2021-05-01 11:34:11 +02:00 · 2021-05-01 11:34:11 +02:00 · 251677cf57
commit 251677cf57
parent 5d05a28e7d
3 changed files with 541 additions and 0 deletions
--- a/content/u/blog/datacenterlight-ipv6-only-netboot/contents.lr
+++ b/content/u/blog/datacenterlight-ipv6-only-netboot/contents.lr
@ -0,0 +1,219 @@
+title: IPv6 only netboot in Data Center Light
+---
+pub_date: 2021-05-01
+---
+author: Nico Schottelius
+---
+twitter_handle: NicoSchottelius
+---
+_hidden: no
+---
+_discoverable: no
+---
+abstract:
+How we switched from IPv4 netboot to IPv6 netboot
+---
+body:
+
+In our [previous blog
+article](/u/blog/datacenterlight-spring-network-cleanup)
+ we wrote about our motivation for the
+big spring network cleanup. In this blog article we show how we
+started reducing the complexity by removing our dependency on IPv4.
+
+## IPv6 first
+
+When you found our blog, you are probably aware: everything at
+ungleich is IPv6 first. Many of our networks are IPv6 only, all DNS
+entries for remote access have IPv6 (AAAA) entries and there are only
+rare exceptions when we utilise IPv4.
+
+## IPv4 only Netboot
+
+One of the big exceptions to this paradigm used to be how we boot our
+servers. Because our second big paradigm is sustainability, we use a
+lot of 2nd (or 3rd) generation hardware. We actually share this
+passion with our friends from
+[e-durable](https://recycled.cloud/), because sustainability is
+something that we need to employ today and not tomorrow.

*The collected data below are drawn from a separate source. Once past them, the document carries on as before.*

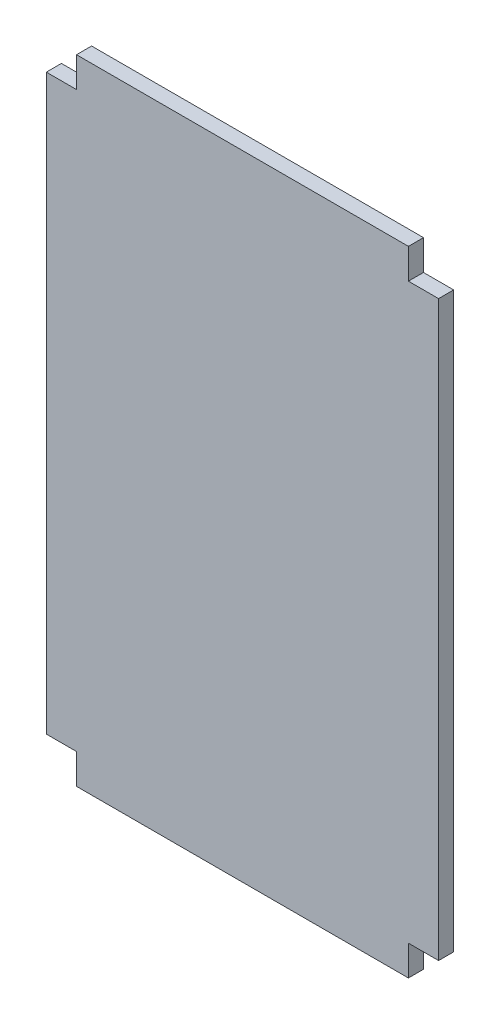
ISO-10303-21;
HEADER;
FILE_DESCRIPTION(('STEP AP214'),'2;1');
FILE_NAME('part.step','',(''),(''),'','','');
FILE_SCHEMA(('AUTOMOTIVE_DESIGN { 1 0 10303 214 1 1 1 1 }'));
ENDSEC;
DATA;
#1=APPLICATION_CONTEXT('core data for automotive mechanical design processes');
#2=APPLICATION_PROTOCOL_DEFINITION('international standard','automotive_design',2000,#1);
#3=PRODUCT_CONTEXT('',#1,'mechanical');
#4=PRODUCT('Part','Part','',(#3));
#5=PRODUCT_RELATED_PRODUCT_CATEGORY('part','',(#4));
#6=PRODUCT_DEFINITION_FORMATION('','',#4);
#7=PRODUCT_DEFINITION_CONTEXT('part definition',#1,'design');
#8=PRODUCT_DEFINITION('design','',#6,#7);
#9=PRODUCT_DEFINITION_SHAPE('','',#8);
#10=(LENGTH_UNIT() NAMED_UNIT(*) SI_UNIT(.MILLI.,.METRE.));
#11=(NAMED_UNIT(*) PLANE_ANGLE_UNIT() SI_UNIT($,.RADIAN.));
#12=(NAMED_UNIT(*) SI_UNIT($,.STERADIAN.) SOLID_ANGLE_UNIT());
#13=UNCERTAINTY_MEASURE_WITH_UNIT(LENGTH_MEASURE(1.E-05),#10,'distance_accuracy_value','');
#14=(GEOMETRIC_REPRESENTATION_CONTEXT(3) GLOBAL_UNCERTAINTY_ASSIGNED_CONTEXT((#13)) GLOBAL_UNIT_ASSIGNED_CONTEXT((#10,
#11,#12)) REPRESENTATION_CONTEXT('',''));
#15=CARTESIAN_POINT('',(0.,0.,0.));
#16=DIRECTION('',(0.,0.,1.));
#17=DIRECTION('',(1.,0.,0.));
#18=AXIS2_PLACEMENT_3D('',#15,#16,#17);
#19=CARTESIAN_POINT('',(0.,0.,20.));
#20=DIRECTION('',(1.,0.,0.));
#21=DIRECTION('',(0.,0.,-1.));
#22=AXIS2_PLACEMENT_3D('',#19,#20,#21);
#23=PLANE('',#22);
#24=DIRECTION('',(0.,-1.,0.));
#25=VECTOR('',#24,1.);
#26=CARTESIAN_POINT('',(0.,0.,20.));
#27=LINE('',#26,#25);
#28=CARTESIAN_POINT('',(0.,800.,20.));
#29=VERTEX_POINT('',#28);
#30=CARTESIAN_POINT('',(0.,40.,20.));
#31=VERTEX_POINT('',#30);
#32=EDGE_CURVE('E167',#29,#31,#27,.T.);
#33=ORIENTED_EDGE('',*,*,#32,.F.);
#34=DIRECTION('',(0.,0.,-1.));
#35=VECTOR('',#34,1.);
#36=CARTESIAN_POINT('',(0.,800.,30.));
#37=LINE('',#36,#35);
#38=CARTESIAN_POINT('',(0.,800.,0.));
#39=VERTEX_POINT('',#38);
#40=EDGE_CURVE('E204',#29,#39,#37,.T.);
#41=ORIENTED_EDGE('',*,*,#40,.T.);
#42=DIRECTION('',(0.,-1.,0.));
#43=VECTOR('',#42,1.);
#44=CARTESIAN_POINT('',(0.,0.,0.));
#45=LINE('',#44,#43);
#46=CARTESIAN_POINT('',(0.,40.,0.));
#47=VERTEX_POINT('',#46);
#48=EDGE_CURVE('E157',#39,#47,#45,.T.);
#49=ORIENTED_EDGE('',*,*,#48,.T.);
#50=DIRECTION('',(0.,0.,-1.));
#51=VECTOR('',#50,1.);
#52=CARTESIAN_POINT('',(0.,40.,30.));
#53=LINE('',#52,#51);
#54=EDGE_CURVE('E142',#31,#47,#53,.T.);
#55=ORIENTED_EDGE('',*,*,#54,.F.);
#56=EDGE_LOOP('',(#33,#41,#49,#55));
#57=FACE_BOUND('',#56,.T.);
#58=ADVANCED_FACE('F39',(#57),#23,.F.);
#59=CARTESIAN_POINT('',(0.,0.,20.));
#60=DIRECTION('',(0.,1.,0.));
#61=DIRECTION('',(0.,0.,1.));
#62=AXIS2_PLACEMENT_3D('',#59,#60,#61);
#63=PLANE('',#62);
#64=DIRECTION('',(1.,0.,0.));
#65=VECTOR('',#64,1.);
#66=CARTESIAN_POINT('',(0.,0.,0.));
#67=LINE('',#66,#65);
#68=CARTESIAN_POINT('',(40.,0.,0.));
#69=VERTEX_POINT('',#68);
#70=CARTESIAN_POINT('',(480.,0.,0.));
#71=VERTEX_POINT('',#70);
#72=EDGE_CURVE('E148',#69,#71,#67,.T.);
#73=ORIENTED_EDGE('',*,*,#72,.T.);
#74=DIRECTION('',(0.,0.,-1.));
#75=VECTOR('',#74,1.);
#76=CARTESIAN_POINT('',(480.,0.,30.));
#77=LINE('',#76,#75);
#78=CARTESIAN_POINT('',(480.,0.,20.));
#79=VERTEX_POINT('',#78);
#80=EDGE_CURVE('E55',#79,#71,#77,.T.);
#81=ORIENTED_EDGE('',*,*,#80,.F.);
#82=DIRECTION('',(1.,0.,0.));
#83=VECTOR('',#82,1.);
#84=CARTESIAN_POINT('',(0.,0.,20.));
#85=LINE('',#84,#83);
#86=CARTESIAN_POINT('',(40.,0.,20.));
#87=VERTEX_POINT('',#86);
#88=EDGE_CURVE('E150',#87,#79,#85,.T.);
#89=ORIENTED_EDGE('',*,*,#88,.F.);
#90=DIRECTION('',(0.,0.,-1.));
#91=VECTOR('',#90,1.);
#92=CARTESIAN_POINT('',(40.,0.,30.));
#93=LINE('',#92,#91);
#94=EDGE_CURVE('E133',#87,#69,#93,.T.);
#95=ORIENTED_EDGE('',*,*,#94,.T.);
#96=EDGE_LOOP('',(#73,#81,#89,#95));
#97=FACE_BOUND('',#96,.T.);
#98=ADVANCED_FACE('F147',(#97),#63,.F.);
#99=CARTESIAN_POINT('',(520.,0.,20.));
#100=DIRECTION('',(-1.,0.,0.));
#101=DIRECTION('',(0.,0.,1.));
#102=AXIS2_PLACEMENT_3D('',#99,#100,#101);
#103=PLANE('',#102);
#104=DIRECTION('',(0.,1.,0.));
#105=VECTOR('',#104,1.);
#106=CARTESIAN_POINT('',(520.,0.,20.));
#107=LINE('',#106,#105);
#108=CARTESIAN_POINT('',(520.,40.,20.));
#109=VERTEX_POINT('',#108);
#110=CARTESIAN_POINT('',(520.,800.,20.));
#111=VERTEX_POINT('',#110);
#112=EDGE_CURVE('E47',#109,#111,#107,.T.);
#113=ORIENTED_EDGE('',*,*,#112,.F.);
#114=DIRECTION('',(0.,0.,-1.));
#115=VECTOR('',#114,1.);
#116=CARTESIAN_POINT('',(520.,40.,30.));
#117=LINE('',#116,#115);
#118=CARTESIAN_POINT('',(520.,40.,0.));
#119=VERTEX_POINT('',#118);
#120=EDGE_CURVE('E207',#109,#119,#117,.T.);
#121=ORIENTED_EDGE('',*,*,#120,.T.);
#122=DIRECTION('',(0.,1.,0.));
#123=VECTOR('',#122,1.);
#124=CARTESIAN_POINT('',(520.,0.,0.));
#125=LINE('',#124,#123);
#126=CARTESIAN_POINT('',(520.,800.,0.));
#127=VERTEX_POINT('',#126);
#128=EDGE_CURVE('E156',#119,#127,#125,.T.);
#129=ORIENTED_EDGE('',*,*,#128,.T.);
#130=DIRECTION('',(0.,0.,-1.));
#131=VECTOR('',#130,1.);
#132=CARTESIAN_POINT('',(520.,800.,30.));
#133=LINE('',#132,#131);
#134=EDGE_CURVE('E63',#111,#127,#133,.T.);
#135=ORIENTED_EDGE('',*,*,#134,.F.);
#136=EDGE_LOOP('',(#113,#121,#129,#135));
#137=FACE_BOUND('',#136,.T.);
#138=ADVANCED_FACE('F264',(#137),#103,.F.);
#139=CARTESIAN_POINT('',(0.,840.,20.));
#140=DIRECTION('',(0.,-1.,0.));
#141=DIRECTION('',(0.,0.,-1.));
#142=AXIS2_PLACEMENT_3D('',#139,#140,#141);
#143=PLANE('',#142);
#144=DIRECTION('',(-1.,0.,0.));
#145=VECTOR('',#144,1.);
#146=CARTESIAN_POINT('',(0.,840.,0.));
#147=LINE('',#146,#145);
#148=CARTESIAN_POINT('',(480.,840.,0.));
#149=VERTEX_POINT('',#148);
#150=CARTESIAN_POINT('',(40.,840.,0.));
#151=VERTEX_POINT('',#150);
#152=EDGE_CURVE('E42',#149,#151,#147,.T.);
#153=ORIENTED_EDGE('',*,*,#152,.T.);
#154=DIRECTION('',(0.,0.,-1.));
#155=VECTOR('',#154,1.);
#156=CARTESIAN_POINT('',(40.,840.,30.));
#157=LINE('',#156,#155);
#158=CARTESIAN_POINT('',(40.,840.,20.));
#159=VERTEX_POINT('',#158);
#160=EDGE_CURVE('E217',#159,#151,#157,.T.);
#161=ORIENTED_EDGE('',*,*,#160,.F.);
#162=DIRECTION('',(-1.,0.,0.));
#163=VECTOR('',#162,1.);
#164=CARTESIAN_POINT('',(0.,840.,20.));
#165=LINE('',#164,#163);
#166=CARTESIAN_POINT('',(480.,840.,20.));
#167=VERTEX_POINT('',#166);
#168=EDGE_CURVE('E11',#167,#159,#165,.T.);
#169=ORIENTED_EDGE('',*,*,#168,.F.);
#170=DIRECTION('',(0.,0.,-1.));
#171=VECTOR('',#170,1.);
#172=CARTESIAN_POINT('',(480.,840.,30.));
#173=LINE('',#172,#171);
#174=EDGE_CURVE('E192',#167,#149,#173,.T.);
#175=ORIENTED_EDGE('',*,*,#174,.T.);
#176=EDGE_LOOP('',(#153,#161,#169,#175));
#177=FACE_BOUND('',#176,.T.);
#178=ADVANCED_FACE('F243',(#177),#143,.F.);
#179=CARTESIAN_POINT('',(0.,0.,20.));
#180=DIRECTION('',(0.,0.,-1.));
#181=DIRECTION('',(-1.,0.,0.));
#182=AXIS2_PLACEMENT_3D('',#179,#180,#181);
#183=PLANE('',#182);
#184=DIRECTION('',(0.,-1.,0.));
#185=VECTOR('',#184,1.);
#186=CARTESIAN_POINT('',(40.0000000000002,0.,20.));
#187=LINE('',#186,#185);
#188=CARTESIAN_POINT('',(40.,800.,20.));
#189=VERTEX_POINT('',#188);
#190=EDGE_CURVE('E172',#159,#189,#187,.T.);
#191=ORIENTED_EDGE('',*,*,#190,.T.);
#192=DIRECTION('',(-1.,0.,0.));
#193=VECTOR('',#192,1.);
#194=CARTESIAN_POINT('',(0.,800.,20.));
#195=LINE('',#194,#193);
#196=EDGE_CURVE('E161',#189,#29,#195,.T.);
#197=ORIENTED_EDGE('',*,*,#196,.T.);
#198=ORIENTED_EDGE('',*,*,#32,.T.);
#199=DIRECTION('',(1.,0.,0.));
#200=VECTOR('',#199,1.);
#201=CARTESIAN_POINT('',(0.,40.,20.));
#202=LINE('',#201,#200);
#203=CARTESIAN_POINT('',(40.,40.,20.));
#204=VERTEX_POINT('',#203);
#205=EDGE_CURVE('E183',#31,#204,#202,.T.);
#206=ORIENTED_EDGE('',*,*,#205,.T.);
#207=DIRECTION('',(0.,-1.,0.));
#208=VECTOR('',#207,1.);
#209=CARTESIAN_POINT('',(40.,0.,20.));
#210=LINE('',#209,#208);
#211=EDGE_CURVE('E181',#204,#87,#210,.T.);
#212=ORIENTED_EDGE('',*,*,#211,.T.);
#213=ORIENTED_EDGE('',*,*,#88,.T.);
#214=DIRECTION('',(0.,1.,0.));
#215=VECTOR('',#214,1.);
#216=CARTESIAN_POINT('',(480.,0.,20.));
#217=LINE('',#216,#215);
#218=CARTESIAN_POINT('',(480.,40.,20.));
#219=VERTEX_POINT('',#218);
#220=EDGE_CURVE('E178',#79,#219,#217,.T.);
#221=ORIENTED_EDGE('',*,*,#220,.T.);
#222=DIRECTION('',(1.,0.,0.));
#223=VECTOR('',#222,1.);
#224=CARTESIAN_POINT('',(0.,40.,20.));
#225=LINE('',#224,#223);
#226=EDGE_CURVE('E175',#219,#109,#225,.T.);
#227=ORIENTED_EDGE('',*,*,#226,.T.);
#228=ORIENTED_EDGE('',*,*,#112,.T.);
#229=DIRECTION('',(-1.,0.,0.));
#230=VECTOR('',#229,1.);
#231=CARTESIAN_POINT('',(-2.22044604925031E-12,799.999999999999,20.));
#232=LINE('',#231,#230);
#233=CARTESIAN_POINT('',(480.,800.,20.));
#234=VERTEX_POINT('',#233);
#235=EDGE_CURVE('E189',#111,#234,#232,.T.);
#236=ORIENTED_EDGE('',*,*,#235,.T.);
#237=DIRECTION('',(0.,1.,0.));
#238=VECTOR('',#237,1.);
#239=CARTESIAN_POINT('',(480.,0.,20.));
#240=LINE('',#239,#238);
#241=EDGE_CURVE('E186',#234,#167,#240,.T.);
#242=ORIENTED_EDGE('',*,*,#241,.T.);
#243=ORIENTED_EDGE('',*,*,#168,.T.);
#244=EDGE_LOOP('',(#191,#197,#198,#206,#212,#213,#221,#227,#228,#236,#242,#243));
#245=FACE_BOUND('',#244,.T.);
#246=ADVANCED_FACE('F235',(#245),#183,.F.);
#247=CARTESIAN_POINT('',(0.,0.,0.));
#248=DIRECTION('',(0.,0.,-1.));
#249=DIRECTION('',(-1.,0.,0.));
#250=AXIS2_PLACEMENT_3D('',#247,#248,#249);
#251=PLANE('',#250);
#252=DIRECTION('',(-1.,0.,0.));
#253=VECTOR('',#252,1.);
#254=CARTESIAN_POINT('',(0.,800.,0.));
#255=LINE('',#254,#253);
#256=CARTESIAN_POINT('',(40.,800.,0.));
#257=VERTEX_POINT('',#256);
#258=EDGE_CURVE('E215',#257,#39,#255,.T.);
#259=ORIENTED_EDGE('',*,*,#258,.F.);
#260=DIRECTION('',(0.,-1.,0.));
#261=VECTOR('',#260,1.);
#262=CARTESIAN_POINT('',(40.,840.,0.));
#263=LINE('',#262,#261);
#264=EDGE_CURVE('E202',#151,#257,#263,.T.);
#265=ORIENTED_EDGE('',*,*,#264,.F.);
#266=ORIENTED_EDGE('',*,*,#152,.F.);
#267=DIRECTION('',(0.,1.,0.));
#268=VECTOR('',#267,1.);
#269=CARTESIAN_POINT('',(480.,840.,0.));
#270=LINE('',#269,#268);
#271=CARTESIAN_POINT('',(480.,800.,0.));
#272=VERTEX_POINT('',#271);
#273=EDGE_CURVE('E195',#272,#149,#270,.T.);
#274=ORIENTED_EDGE('',*,*,#273,.F.);
#275=DIRECTION('',(-1.,0.,0.));
#276=VECTOR('',#275,1.);
#277=CARTESIAN_POINT('',(520.,800.,0.));
#278=LINE('',#277,#276);
#279=EDGE_CURVE('E200',#127,#272,#278,.T.);
#280=ORIENTED_EDGE('',*,*,#279,.F.);
#281=ORIENTED_EDGE('',*,*,#128,.F.);
#282=DIRECTION('',(1.,0.,0.));
#283=VECTOR('',#282,1.);
#284=CARTESIAN_POINT('',(520.,40.,0.));
#285=LINE('',#284,#283);
#286=CARTESIAN_POINT('',(480.,40.,0.));
#287=VERTEX_POINT('',#286);
#288=EDGE_CURVE('E205',#287,#119,#285,.T.);
#289=ORIENTED_EDGE('',*,*,#288,.F.);
#290=DIRECTION('',(0.,1.,0.));
#291=VECTOR('',#290,1.);
#292=CARTESIAN_POINT('',(480.,0.,0.));
#293=LINE('',#292,#291);
#294=EDGE_CURVE('E155',#71,#287,#293,.T.);
#295=ORIENTED_EDGE('',*,*,#294,.F.);
#296=ORIENTED_EDGE('',*,*,#72,.F.);
#297=DIRECTION('',(0.,-1.,0.));
#298=VECTOR('',#297,1.);
#299=CARTESIAN_POINT('',(40.,0.,0.));
#300=LINE('',#299,#298);
#301=CARTESIAN_POINT('',(40.,40.,0.));
#302=VERTEX_POINT('',#301);
#303=EDGE_CURVE('E130',#302,#69,#300,.T.);
#304=ORIENTED_EDGE('',*,*,#303,.F.);
#305=DIRECTION('',(1.,0.,0.));
#306=VECTOR('',#305,1.);
#307=CARTESIAN_POINT('',(0.,40.,0.));
#308=LINE('',#307,#306);
#309=EDGE_CURVE('E141',#47,#302,#308,.T.);
#310=ORIENTED_EDGE('',*,*,#309,.F.);
#311=ORIENTED_EDGE('',*,*,#48,.F.);
#312=EDGE_LOOP('',(#259,#265,#266,#274,#280,#281,#289,#295,#296,#304,#310,#311));
#313=FACE_BOUND('',#312,.T.);
#314=ADVANCED_FACE('F153',(#313),#251,.T.);
#315=CARTESIAN_POINT('',(480.,840.,30.));
#316=DIRECTION('',(-1.,0.,0.));
#317=DIRECTION('',(0.,0.,1.));
#318=AXIS2_PLACEMENT_3D('',#315,#316,#317);
#319=PLANE('',#318);
#320=DIRECTION('',(0.,0.,-1.));
#321=VECTOR('',#320,1.);
#322=CARTESIAN_POINT('',(480.,800.,30.));
#323=LINE('',#322,#321);
#324=EDGE_CURVE('E194',#234,#272,#323,.T.);
#325=ORIENTED_EDGE('',*,*,#324,.T.);
#326=ORIENTED_EDGE('',*,*,#273,.T.);
#327=ORIENTED_EDGE('',*,*,#174,.F.);
#328=ORIENTED_EDGE('',*,*,#241,.F.);
#329=EDGE_LOOP('',(#325,#326,#327,#328));
#330=FACE_BOUND('',#329,.T.);
#331=ADVANCED_FACE('F248',(#330),#319,.F.);
#332=CARTESIAN_POINT('',(520.,800.,30.));
#333=DIRECTION('',(0.,-1.,0.));
#334=DIRECTION('',(1.,0.,0.));
#335=AXIS2_PLACEMENT_3D('',#332,#333,#334);
#336=PLANE('',#335);
#337=ORIENTED_EDGE('',*,*,#134,.T.);
#338=ORIENTED_EDGE('',*,*,#279,.T.);
#339=ORIENTED_EDGE('',*,*,#324,.F.);
#340=ORIENTED_EDGE('',*,*,#235,.F.);
#341=EDGE_LOOP('',(#337,#338,#339,#340));
#342=FACE_BOUND('',#341,.T.);
#343=ADVANCED_FACE('F250',(#342),#336,.F.);
#344=CARTESIAN_POINT('',(40.,0.,30.));
#345=DIRECTION('',(1.,0.,0.));
#346=DIRECTION('',(0.,0.,-1.));
#347=AXIS2_PLACEMENT_3D('',#344,#345,#346);
#348=PLANE('',#347);
#349=DIRECTION('',(0.,0.,-1.));
#350=VECTOR('',#349,1.);
#351=CARTESIAN_POINT('',(40.,40.,30.));
#352=LINE('',#351,#350);
#353=EDGE_CURVE('E136',#204,#302,#352,.T.);
#354=ORIENTED_EDGE('',*,*,#353,.T.);
#355=ORIENTED_EDGE('',*,*,#303,.T.);
#356=ORIENTED_EDGE('',*,*,#94,.F.);
#357=ORIENTED_EDGE('',*,*,#211,.F.);
#358=EDGE_LOOP('',(#354,#355,#356,#357));
#359=FACE_BOUND('',#358,.T.);
#360=ADVANCED_FACE('F132',(#359),#348,.F.);
#361=CARTESIAN_POINT('',(0.,40.,30.));
#362=DIRECTION('',(0.,1.,0.));
#363=DIRECTION('',(0.,0.,1.));
#364=AXIS2_PLACEMENT_3D('',#361,#362,#363);
#365=PLANE('',#364);
#366=ORIENTED_EDGE('',*,*,#54,.T.);
#367=ORIENTED_EDGE('',*,*,#309,.T.);
#368=ORIENTED_EDGE('',*,*,#353,.F.);
#369=ORIENTED_EDGE('',*,*,#205,.F.);
#370=EDGE_LOOP('',(#366,#367,#368,#369));
#371=FACE_BOUND('',#370,.T.);
#372=ADVANCED_FACE('F227',(#371),#365,.F.);
#373=CARTESIAN_POINT('',(520.,40.,30.));
#374=DIRECTION('',(0.,1.,0.));
#375=DIRECTION('',(0.,0.,1.));
#376=AXIS2_PLACEMENT_3D('',#373,#374,#375);
#377=PLANE('',#376);
#378=DIRECTION('',(0.,0.,-1.));
#379=VECTOR('',#378,1.);
#380=CARTESIAN_POINT('',(480.,40.,30.));
#381=LINE('',#380,#379);
#382=EDGE_CURVE('E210',#219,#287,#381,.T.);
#383=ORIENTED_EDGE('',*,*,#382,.T.);
#384=ORIENTED_EDGE('',*,*,#288,.T.);
#385=ORIENTED_EDGE('',*,*,#120,.F.);
#386=ORIENTED_EDGE('',*,*,#226,.F.);
#387=EDGE_LOOP('',(#383,#384,#385,#386));
#388=FACE_BOUND('',#387,.T.);
#389=ADVANCED_FACE('F309',(#388),#377,.F.);
#390=CARTESIAN_POINT('',(480.,0.,30.));
#391=DIRECTION('',(-1.,0.,0.));
#392=DIRECTION('',(0.,0.,1.));
#393=AXIS2_PLACEMENT_3D('',#390,#391,#392);
#394=PLANE('',#393);
#395=ORIENTED_EDGE('',*,*,#80,.T.);
#396=ORIENTED_EDGE('',*,*,#294,.T.);
#397=ORIENTED_EDGE('',*,*,#382,.F.);
#398=ORIENTED_EDGE('',*,*,#220,.F.);
#399=EDGE_LOOP('',(#395,#396,#397,#398));
#400=FACE_BOUND('',#399,.T.);
#401=ADVANCED_FACE('F318',(#400),#394,.F.);
#402=CARTESIAN_POINT('',(0.,800.,30.));
#403=DIRECTION('',(0.,-1.,0.));
#404=DIRECTION('',(0.,0.,-1.));
#405=AXIS2_PLACEMENT_3D('',#402,#403,#404);
#406=PLANE('',#405);
#407=DIRECTION('',(0.,0.,-1.));
#408=VECTOR('',#407,1.);
#409=CARTESIAN_POINT('',(40.,800.,30.));
#410=LINE('',#409,#408);
#411=EDGE_CURVE('E220',#189,#257,#410,.T.);
#412=ORIENTED_EDGE('',*,*,#411,.T.);
#413=ORIENTED_EDGE('',*,*,#258,.T.);
#414=ORIENTED_EDGE('',*,*,#40,.F.);
#415=ORIENTED_EDGE('',*,*,#196,.F.);
#416=EDGE_LOOP('',(#412,#413,#414,#415));
#417=FACE_BOUND('',#416,.T.);
#418=ADVANCED_FACE('F232',(#417),#406,.F.);
#419=CARTESIAN_POINT('',(40.,840.,30.));
#420=DIRECTION('',(1.,0.,0.));
#421=DIRECTION('',(0.,1.,0.));
#422=AXIS2_PLACEMENT_3D('',#419,#420,#421);
#423=PLANE('',#422);
#424=ORIENTED_EDGE('',*,*,#160,.T.);
#425=ORIENTED_EDGE('',*,*,#264,.T.);
#426=ORIENTED_EDGE('',*,*,#411,.F.);
#427=ORIENTED_EDGE('',*,*,#190,.F.);
#428=EDGE_LOOP('',(#424,#425,#426,#427));
#429=FACE_BOUND('',#428,.T.);
#430=ADVANCED_FACE('F239',(#429),#423,.F.);
#431=CLOSED_SHELL('',(#58,#98,#138,#178,#246,#314,#331,#343,#360,#372,#389,#401,#418,#430));
#432=MANIFOLD_SOLID_BREP('B2',#431);
#433=ADVANCED_BREP_SHAPE_REPRESENTATION('',(#18,#432),#14);
#434=SHAPE_DEFINITION_REPRESENTATION(#9,#433);
ENDSEC;
END-ISO-10303-21;

+But back to the netbooting topic: For netbooting we mainly
+relied on onboard network cards so far.
+
+## Onboard network cards
+
+We used these network cards for multiple reasons:
+
+* they exist virtually in any server
+* they usually have a ROM containing a PXE capable firmware
+* it allows us to split real traffic to fiber cards and internal traffic
+
+However using the onboard devices comes also with a couple of disadvantages:
+
+* Their ROM is often outdated
+* It requires additional cabling
+
+## Cables
+
+Let's have a look at the cabling situation first. Virtually all of
+our servers are connected to the network using 2x 10 Gbit/s fiber cards.
+
+On one side this provides a fast connection, but on the other side
+it provides us with something even better: distances.
+
+Our data centers employ a non-standard design due to the re-use of
+existing factory halls. This means distances between servers and
+switches can be up to 100m. With fiber, we can easily achieve these
+distances.
+
+Additionally, have less cables provides a simpler infrastructure
+that is easier to analyse.
+
+## Reducing complexity 1
+
+So can we somehow get rid of the copper cables and switch to fiber
+only? It turns out that the fiber cards we use (mainly Intel X520's)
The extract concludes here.